**Your objective:**
In the listing below, the lines starting at the line with "#5676 = DIRECTION" and ending at the line with "#2831 = CARTESIAN_POINT" are to be output verbatim. Images stay out of the copy.

**Extracted information:**
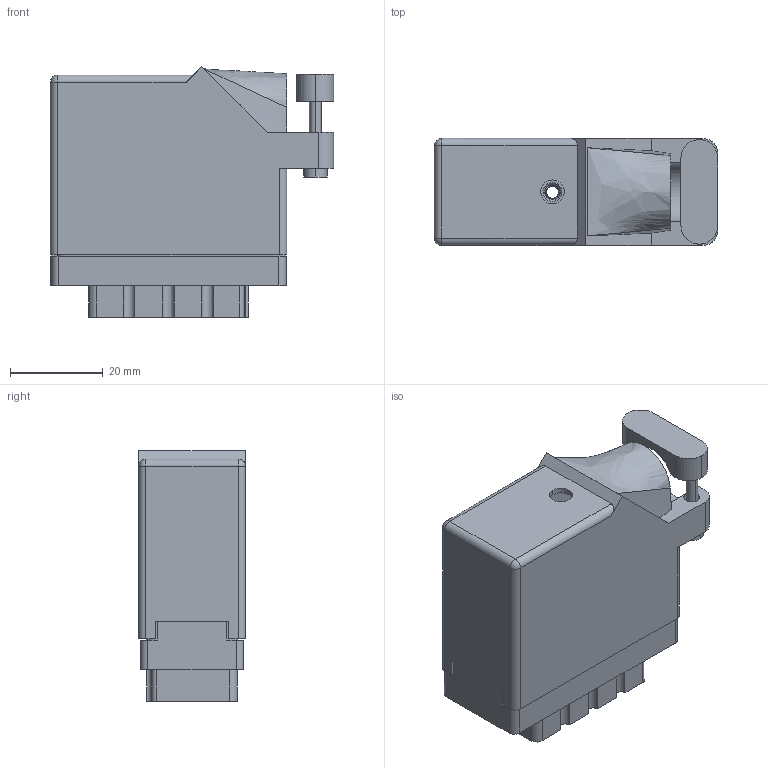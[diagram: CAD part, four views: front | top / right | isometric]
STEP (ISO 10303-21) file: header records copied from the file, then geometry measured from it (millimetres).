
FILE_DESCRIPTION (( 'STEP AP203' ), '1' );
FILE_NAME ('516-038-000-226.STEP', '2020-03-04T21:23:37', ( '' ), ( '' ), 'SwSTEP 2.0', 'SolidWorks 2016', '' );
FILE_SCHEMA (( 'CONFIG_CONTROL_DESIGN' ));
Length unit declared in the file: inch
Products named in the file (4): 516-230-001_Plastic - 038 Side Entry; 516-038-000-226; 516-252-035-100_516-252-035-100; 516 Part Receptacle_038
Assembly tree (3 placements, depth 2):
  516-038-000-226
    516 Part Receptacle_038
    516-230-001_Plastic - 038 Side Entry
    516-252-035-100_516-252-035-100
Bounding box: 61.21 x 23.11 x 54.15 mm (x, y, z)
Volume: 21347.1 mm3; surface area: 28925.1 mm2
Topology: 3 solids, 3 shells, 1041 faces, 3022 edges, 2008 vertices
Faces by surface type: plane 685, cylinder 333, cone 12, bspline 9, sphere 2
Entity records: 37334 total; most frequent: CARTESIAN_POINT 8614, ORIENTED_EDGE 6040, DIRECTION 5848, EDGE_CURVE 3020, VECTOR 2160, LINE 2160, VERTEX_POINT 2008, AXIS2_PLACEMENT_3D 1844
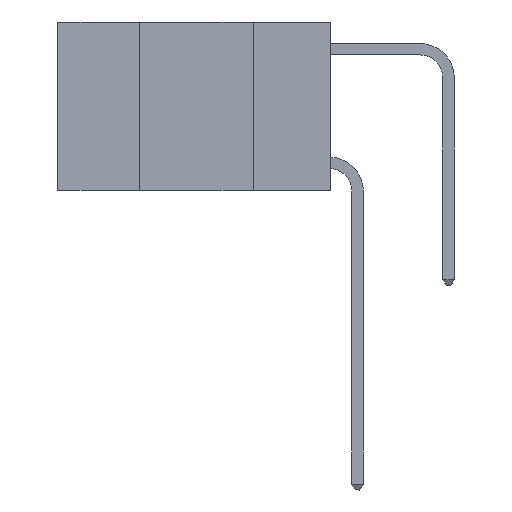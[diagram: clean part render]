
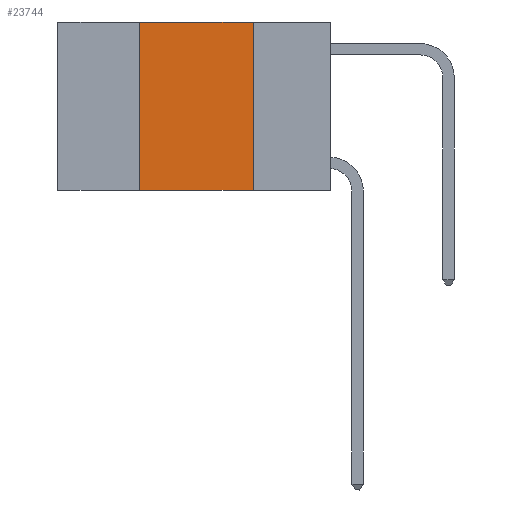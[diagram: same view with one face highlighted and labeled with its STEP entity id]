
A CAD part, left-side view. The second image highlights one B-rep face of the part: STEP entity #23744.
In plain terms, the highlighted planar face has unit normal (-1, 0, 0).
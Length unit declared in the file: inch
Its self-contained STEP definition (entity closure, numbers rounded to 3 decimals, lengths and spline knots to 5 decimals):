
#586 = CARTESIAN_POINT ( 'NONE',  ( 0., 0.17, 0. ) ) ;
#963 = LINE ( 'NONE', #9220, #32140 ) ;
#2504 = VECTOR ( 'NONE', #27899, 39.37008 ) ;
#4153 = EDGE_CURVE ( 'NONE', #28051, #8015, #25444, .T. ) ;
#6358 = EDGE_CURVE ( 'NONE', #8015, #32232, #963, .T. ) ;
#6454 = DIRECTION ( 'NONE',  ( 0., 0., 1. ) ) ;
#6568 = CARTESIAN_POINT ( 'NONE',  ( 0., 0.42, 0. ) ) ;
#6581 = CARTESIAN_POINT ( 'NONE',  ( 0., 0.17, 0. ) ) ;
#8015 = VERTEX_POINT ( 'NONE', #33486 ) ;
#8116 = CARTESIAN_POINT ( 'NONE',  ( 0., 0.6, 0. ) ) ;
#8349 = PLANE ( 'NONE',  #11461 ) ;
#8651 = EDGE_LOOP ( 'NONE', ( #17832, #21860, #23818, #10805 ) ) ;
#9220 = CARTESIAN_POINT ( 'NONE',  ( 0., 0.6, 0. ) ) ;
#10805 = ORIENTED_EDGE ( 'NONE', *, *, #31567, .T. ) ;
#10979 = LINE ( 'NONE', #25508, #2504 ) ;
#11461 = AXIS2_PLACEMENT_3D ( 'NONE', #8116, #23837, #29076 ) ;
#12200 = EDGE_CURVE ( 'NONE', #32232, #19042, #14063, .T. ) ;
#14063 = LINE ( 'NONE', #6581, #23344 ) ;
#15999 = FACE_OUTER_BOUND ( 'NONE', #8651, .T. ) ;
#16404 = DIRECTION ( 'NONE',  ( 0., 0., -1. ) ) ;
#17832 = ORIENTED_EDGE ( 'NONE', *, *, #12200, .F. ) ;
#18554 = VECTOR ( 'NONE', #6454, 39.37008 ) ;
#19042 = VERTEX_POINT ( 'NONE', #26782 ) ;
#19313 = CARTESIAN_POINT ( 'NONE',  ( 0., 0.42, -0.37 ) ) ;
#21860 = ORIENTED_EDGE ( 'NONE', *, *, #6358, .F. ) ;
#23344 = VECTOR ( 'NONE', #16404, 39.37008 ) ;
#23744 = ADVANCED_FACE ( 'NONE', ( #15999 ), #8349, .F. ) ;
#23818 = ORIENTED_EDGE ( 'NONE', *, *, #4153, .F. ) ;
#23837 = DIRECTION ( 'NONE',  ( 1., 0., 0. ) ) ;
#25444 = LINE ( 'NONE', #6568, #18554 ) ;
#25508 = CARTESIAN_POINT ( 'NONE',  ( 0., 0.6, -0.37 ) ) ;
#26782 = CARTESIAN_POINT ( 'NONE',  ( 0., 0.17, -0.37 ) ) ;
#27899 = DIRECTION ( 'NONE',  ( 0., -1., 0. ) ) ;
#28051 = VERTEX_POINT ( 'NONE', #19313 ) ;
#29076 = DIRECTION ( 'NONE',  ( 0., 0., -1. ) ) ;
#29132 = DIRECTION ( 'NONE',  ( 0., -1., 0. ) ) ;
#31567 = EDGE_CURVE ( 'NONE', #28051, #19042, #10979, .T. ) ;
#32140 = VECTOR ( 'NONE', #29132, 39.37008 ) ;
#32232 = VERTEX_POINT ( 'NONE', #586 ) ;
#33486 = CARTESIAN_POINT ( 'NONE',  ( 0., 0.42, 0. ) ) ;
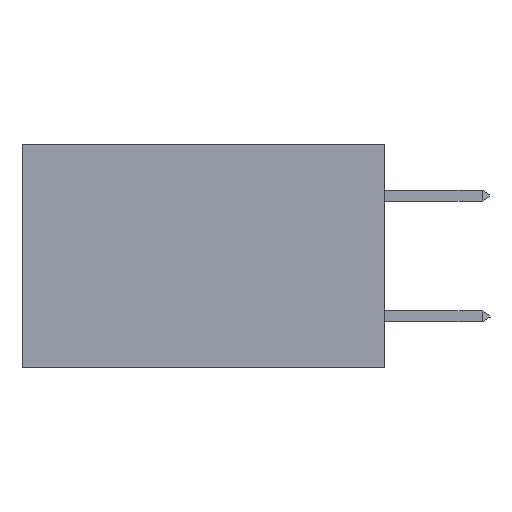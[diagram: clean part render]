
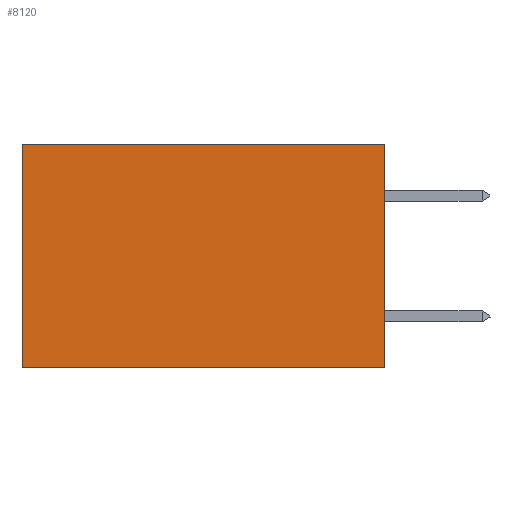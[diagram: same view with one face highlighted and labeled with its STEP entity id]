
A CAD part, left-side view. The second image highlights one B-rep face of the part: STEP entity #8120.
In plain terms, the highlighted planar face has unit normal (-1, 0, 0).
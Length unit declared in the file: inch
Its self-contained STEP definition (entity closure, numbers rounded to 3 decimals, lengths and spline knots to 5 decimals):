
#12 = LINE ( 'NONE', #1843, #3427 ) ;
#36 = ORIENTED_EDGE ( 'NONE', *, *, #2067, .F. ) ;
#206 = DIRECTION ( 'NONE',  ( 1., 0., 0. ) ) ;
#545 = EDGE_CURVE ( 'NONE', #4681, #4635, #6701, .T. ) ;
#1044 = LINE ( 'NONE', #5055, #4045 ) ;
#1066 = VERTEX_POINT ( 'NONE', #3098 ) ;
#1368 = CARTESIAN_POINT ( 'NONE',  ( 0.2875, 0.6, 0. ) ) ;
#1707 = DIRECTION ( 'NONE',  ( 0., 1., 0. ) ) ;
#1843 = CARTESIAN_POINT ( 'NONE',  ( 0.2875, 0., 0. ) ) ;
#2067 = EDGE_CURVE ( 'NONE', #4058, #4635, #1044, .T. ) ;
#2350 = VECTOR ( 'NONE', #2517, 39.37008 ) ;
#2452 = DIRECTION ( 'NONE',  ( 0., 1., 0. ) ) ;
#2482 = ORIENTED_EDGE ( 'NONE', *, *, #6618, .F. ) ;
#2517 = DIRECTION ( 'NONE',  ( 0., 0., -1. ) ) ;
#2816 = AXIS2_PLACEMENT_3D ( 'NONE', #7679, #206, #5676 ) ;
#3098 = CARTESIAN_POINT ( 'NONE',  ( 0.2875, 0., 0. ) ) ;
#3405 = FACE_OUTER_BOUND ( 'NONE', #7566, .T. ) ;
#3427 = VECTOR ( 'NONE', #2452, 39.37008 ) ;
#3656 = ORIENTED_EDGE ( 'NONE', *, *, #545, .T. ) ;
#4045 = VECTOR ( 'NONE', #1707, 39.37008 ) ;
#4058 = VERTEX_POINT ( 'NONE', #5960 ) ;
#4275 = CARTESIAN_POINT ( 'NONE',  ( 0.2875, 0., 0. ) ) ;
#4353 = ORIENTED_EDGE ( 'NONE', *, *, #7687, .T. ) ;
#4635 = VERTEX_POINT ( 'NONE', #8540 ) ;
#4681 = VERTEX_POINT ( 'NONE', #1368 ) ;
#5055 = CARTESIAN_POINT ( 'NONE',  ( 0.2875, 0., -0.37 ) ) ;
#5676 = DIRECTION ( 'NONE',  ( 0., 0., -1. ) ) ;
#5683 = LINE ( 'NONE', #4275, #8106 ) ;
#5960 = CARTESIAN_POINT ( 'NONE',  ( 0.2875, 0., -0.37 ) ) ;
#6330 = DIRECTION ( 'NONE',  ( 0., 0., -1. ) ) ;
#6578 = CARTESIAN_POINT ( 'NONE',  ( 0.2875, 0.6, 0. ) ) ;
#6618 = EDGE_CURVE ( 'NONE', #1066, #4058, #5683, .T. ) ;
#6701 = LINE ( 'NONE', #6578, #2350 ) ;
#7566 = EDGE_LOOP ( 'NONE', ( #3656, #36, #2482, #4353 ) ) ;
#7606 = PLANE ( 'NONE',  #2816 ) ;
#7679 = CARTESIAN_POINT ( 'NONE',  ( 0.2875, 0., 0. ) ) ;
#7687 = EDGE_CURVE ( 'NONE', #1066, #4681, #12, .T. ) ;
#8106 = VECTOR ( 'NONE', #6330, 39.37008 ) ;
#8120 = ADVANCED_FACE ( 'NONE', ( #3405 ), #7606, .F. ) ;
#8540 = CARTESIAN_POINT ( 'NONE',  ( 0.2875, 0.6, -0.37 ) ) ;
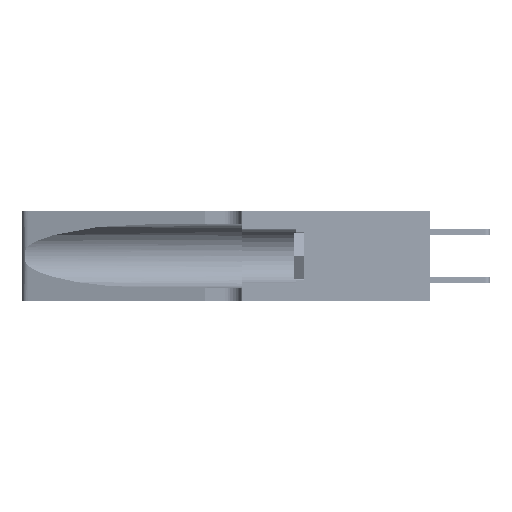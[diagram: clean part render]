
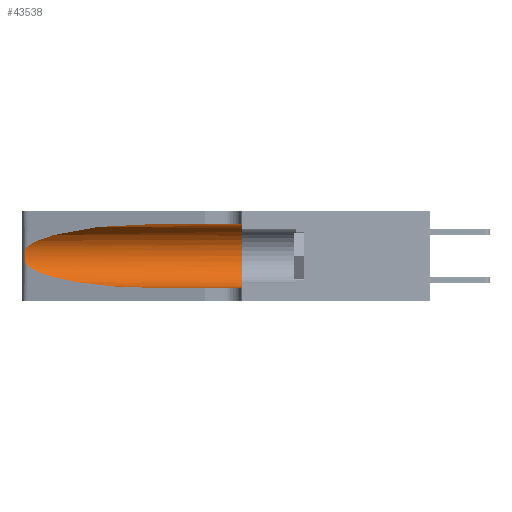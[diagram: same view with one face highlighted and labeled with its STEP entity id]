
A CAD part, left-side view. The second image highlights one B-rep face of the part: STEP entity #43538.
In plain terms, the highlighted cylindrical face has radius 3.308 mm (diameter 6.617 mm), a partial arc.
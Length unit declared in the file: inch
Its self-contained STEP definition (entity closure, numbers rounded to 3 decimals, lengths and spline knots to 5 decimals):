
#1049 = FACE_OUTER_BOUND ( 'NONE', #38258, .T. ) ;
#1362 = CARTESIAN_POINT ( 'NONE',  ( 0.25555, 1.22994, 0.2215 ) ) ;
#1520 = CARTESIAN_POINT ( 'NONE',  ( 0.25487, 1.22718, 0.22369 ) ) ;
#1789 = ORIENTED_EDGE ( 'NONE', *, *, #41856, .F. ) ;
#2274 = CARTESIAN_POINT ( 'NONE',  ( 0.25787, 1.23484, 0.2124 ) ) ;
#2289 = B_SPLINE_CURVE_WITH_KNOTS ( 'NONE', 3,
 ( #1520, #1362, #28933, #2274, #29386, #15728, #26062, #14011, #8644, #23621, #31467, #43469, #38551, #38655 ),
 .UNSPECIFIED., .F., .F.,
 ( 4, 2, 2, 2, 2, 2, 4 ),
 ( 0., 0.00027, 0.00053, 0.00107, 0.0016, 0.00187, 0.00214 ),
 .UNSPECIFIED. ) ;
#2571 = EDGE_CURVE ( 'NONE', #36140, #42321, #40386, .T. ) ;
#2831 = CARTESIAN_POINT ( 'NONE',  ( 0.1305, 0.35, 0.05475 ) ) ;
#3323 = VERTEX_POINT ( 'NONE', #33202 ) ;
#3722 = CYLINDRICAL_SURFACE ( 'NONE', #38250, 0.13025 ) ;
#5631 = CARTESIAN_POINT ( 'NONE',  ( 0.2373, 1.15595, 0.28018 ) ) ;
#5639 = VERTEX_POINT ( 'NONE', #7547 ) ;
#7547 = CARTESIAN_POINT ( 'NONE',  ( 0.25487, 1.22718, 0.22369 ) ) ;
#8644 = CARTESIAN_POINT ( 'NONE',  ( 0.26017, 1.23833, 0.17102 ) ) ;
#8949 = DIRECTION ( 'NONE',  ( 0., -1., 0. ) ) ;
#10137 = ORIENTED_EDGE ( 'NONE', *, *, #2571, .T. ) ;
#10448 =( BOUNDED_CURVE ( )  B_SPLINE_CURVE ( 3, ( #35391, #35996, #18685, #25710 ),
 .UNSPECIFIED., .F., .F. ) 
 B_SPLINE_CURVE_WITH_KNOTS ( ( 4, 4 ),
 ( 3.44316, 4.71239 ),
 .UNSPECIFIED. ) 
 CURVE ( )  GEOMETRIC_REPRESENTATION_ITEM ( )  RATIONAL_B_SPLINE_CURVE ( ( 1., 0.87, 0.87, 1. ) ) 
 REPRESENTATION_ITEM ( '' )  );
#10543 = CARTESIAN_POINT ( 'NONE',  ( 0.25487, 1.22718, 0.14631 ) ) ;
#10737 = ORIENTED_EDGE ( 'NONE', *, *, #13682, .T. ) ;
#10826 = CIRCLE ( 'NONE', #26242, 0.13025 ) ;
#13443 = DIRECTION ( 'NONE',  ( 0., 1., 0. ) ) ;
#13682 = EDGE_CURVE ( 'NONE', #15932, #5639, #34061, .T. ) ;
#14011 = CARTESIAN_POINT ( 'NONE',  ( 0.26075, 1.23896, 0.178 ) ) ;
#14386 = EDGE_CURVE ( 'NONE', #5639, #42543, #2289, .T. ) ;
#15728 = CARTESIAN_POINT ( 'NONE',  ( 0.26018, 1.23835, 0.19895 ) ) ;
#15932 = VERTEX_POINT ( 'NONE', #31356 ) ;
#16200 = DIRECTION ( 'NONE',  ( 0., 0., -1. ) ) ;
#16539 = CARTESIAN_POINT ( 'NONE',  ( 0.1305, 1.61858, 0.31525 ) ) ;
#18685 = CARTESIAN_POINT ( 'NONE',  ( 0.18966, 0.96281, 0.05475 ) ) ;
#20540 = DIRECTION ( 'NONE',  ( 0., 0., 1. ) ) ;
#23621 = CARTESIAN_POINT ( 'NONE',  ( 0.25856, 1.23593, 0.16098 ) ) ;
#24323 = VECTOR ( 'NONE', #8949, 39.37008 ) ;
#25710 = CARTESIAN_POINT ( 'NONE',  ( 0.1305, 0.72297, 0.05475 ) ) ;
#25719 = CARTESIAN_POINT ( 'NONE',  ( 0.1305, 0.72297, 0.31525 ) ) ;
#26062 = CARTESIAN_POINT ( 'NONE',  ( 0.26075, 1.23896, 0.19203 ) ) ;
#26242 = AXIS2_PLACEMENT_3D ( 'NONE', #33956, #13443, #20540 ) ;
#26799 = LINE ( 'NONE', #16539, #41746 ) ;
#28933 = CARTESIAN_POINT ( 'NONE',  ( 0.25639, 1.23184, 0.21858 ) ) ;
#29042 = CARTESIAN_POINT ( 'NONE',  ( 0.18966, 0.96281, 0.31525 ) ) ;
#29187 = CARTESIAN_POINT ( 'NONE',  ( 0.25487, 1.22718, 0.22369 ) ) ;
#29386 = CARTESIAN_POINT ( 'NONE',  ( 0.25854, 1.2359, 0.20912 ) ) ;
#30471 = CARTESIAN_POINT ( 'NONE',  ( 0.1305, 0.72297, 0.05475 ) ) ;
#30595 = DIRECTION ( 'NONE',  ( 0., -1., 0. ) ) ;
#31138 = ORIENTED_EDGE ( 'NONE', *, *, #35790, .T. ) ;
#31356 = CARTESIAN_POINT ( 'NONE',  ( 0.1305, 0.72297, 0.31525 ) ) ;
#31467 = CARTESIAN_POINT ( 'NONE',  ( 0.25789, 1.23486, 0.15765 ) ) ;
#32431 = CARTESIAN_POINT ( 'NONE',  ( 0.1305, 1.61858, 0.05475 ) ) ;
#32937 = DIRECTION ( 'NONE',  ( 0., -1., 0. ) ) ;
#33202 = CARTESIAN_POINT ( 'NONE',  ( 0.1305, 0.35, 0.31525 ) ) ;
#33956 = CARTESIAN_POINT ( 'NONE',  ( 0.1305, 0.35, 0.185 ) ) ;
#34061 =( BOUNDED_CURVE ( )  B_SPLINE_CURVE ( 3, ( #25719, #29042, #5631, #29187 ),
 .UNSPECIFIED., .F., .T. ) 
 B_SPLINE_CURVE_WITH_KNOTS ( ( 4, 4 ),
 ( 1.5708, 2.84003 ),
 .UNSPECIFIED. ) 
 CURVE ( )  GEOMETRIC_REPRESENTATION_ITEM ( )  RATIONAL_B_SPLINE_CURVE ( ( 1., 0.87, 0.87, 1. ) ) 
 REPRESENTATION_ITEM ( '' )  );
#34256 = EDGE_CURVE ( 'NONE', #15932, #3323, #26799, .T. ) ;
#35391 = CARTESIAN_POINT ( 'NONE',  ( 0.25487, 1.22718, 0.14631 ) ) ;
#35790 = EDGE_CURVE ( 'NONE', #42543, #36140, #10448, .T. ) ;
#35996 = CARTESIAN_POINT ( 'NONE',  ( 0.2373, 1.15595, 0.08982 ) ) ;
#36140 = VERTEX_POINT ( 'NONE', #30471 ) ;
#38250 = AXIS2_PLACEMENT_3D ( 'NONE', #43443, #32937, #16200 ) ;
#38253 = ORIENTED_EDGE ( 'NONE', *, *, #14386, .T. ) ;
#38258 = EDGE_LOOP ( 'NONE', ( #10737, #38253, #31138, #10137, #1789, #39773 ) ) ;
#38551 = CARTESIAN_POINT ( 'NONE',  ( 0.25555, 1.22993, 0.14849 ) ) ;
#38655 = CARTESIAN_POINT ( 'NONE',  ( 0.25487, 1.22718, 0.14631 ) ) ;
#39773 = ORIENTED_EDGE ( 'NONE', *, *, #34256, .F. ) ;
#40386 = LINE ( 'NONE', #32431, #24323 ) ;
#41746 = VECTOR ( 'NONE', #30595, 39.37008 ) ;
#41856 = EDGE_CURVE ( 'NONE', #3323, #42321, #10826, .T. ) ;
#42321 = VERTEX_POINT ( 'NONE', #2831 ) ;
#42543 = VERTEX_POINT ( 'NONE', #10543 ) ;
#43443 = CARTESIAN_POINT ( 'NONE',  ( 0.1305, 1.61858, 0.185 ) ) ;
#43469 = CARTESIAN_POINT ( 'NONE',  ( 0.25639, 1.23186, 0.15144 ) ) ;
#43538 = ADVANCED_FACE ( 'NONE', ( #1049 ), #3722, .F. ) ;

**Answer:**
#5676 = DIRECTION ( 'NONE',  ( 0., 0., -1. ) ) ;
#5683 = LINE ( 'NONE', #4275, #8106 ) ;
#5960 = CARTESIAN_POINT ( 'NONE',  ( 0.2875, 0., -0.37 ) ) ;
#6330 = DIRECTION ( 'NONE',  ( 0., 0., -1. ) ) ;
#6578 = CARTESIAN_POINT ( 'NONE',  ( 0.2875, 0.6, 0. ) ) ;
#6618 = EDGE_CURVE ( 'NONE', #1066, #4058, #5683, .T. ) ;
#6701 = LINE ( 'NONE', #6578, #2350 ) ;
#7566 = EDGE_LOOP ( 'NONE', ( #3656, #36, #2482, #4353 ) ) ;
#7606 = PLANE ( 'NONE',  #2816 ) ;
#7679 = CARTESIAN_POINT ( 'NONE',  ( 0.2875, 0., 0. ) ) ;
#7687 = EDGE_CURVE ( 'NONE', #1066, #4681, #12, .T. ) ;
#8106 = VECTOR ( 'NONE', #6330, 39.37008 ) ;
#8120 = ADVANCED_FACE ( 'NONE', ( #3405 ), #7606, .F. ) ;
#8540 = CARTESIAN_POINT ( 'NONE',  ( 0.2875, 0.6, -0.37 ) ) ;
[diagram: clean part render]
[diagram: same view with one face highlighted and labeled with its STEP entity id]
A CAD part, left-side view. The second image highlights one B-rep face of the part: STEP entity #43538.
In plain terms, the highlighted cylindrical face has radius 3.308 mm (diameter 6.617 mm), a partial arc.
Length unit declared in the file: inch
Its self-contained STEP definition (entity closure, numbers rounded to 3 decimals, lengths and spline knots to 5 decimals):
#1049 = FACE_OUTER_BOUND ( 'NONE', #38258, .T. ) ;
#1362 = CARTESIAN_POINT ( 'NONE',  ( 0.25555, 1.22994, 0.2215 ) ) ;
#1520 = CARTESIAN_POINT ( 'NONE',  ( 0.25487, 1.22718, 0.22369 ) ) ;
#1789 = ORIENTED_EDGE ( 'NONE', *, *, #41856, .F. ) ;
#2274 = CARTESIAN_POINT ( 'NONE',  ( 0.25787, 1.23484, 0.2124 ) ) ;
#2289 = B_SPLINE_CURVE_WITH_KNOTS ( 'NONE', 3,
 ( #1520, #1362, #28933, #2274, #29386, #15728, #26062, #14011, #8644, #23621, #31467, #43469, #38551, #38655 ),
 .UNSPECIFIED., .F., .F.,
 ( 4, 2, 2, 2, 2, 2, 4 ),
 ( 0., 0.00027, 0.00053, 0.00107, 0.0016, 0.00187, 0.00214 ),
 .UNSPECIFIED. ) ;
#2571 = EDGE_CURVE ( 'NONE', #36140, #42321, #40386, .T. ) ;
#2831 = CARTESIAN_POINT ( 'NONE',  ( 0.1305, 0.35, 0.05475 ) ) ;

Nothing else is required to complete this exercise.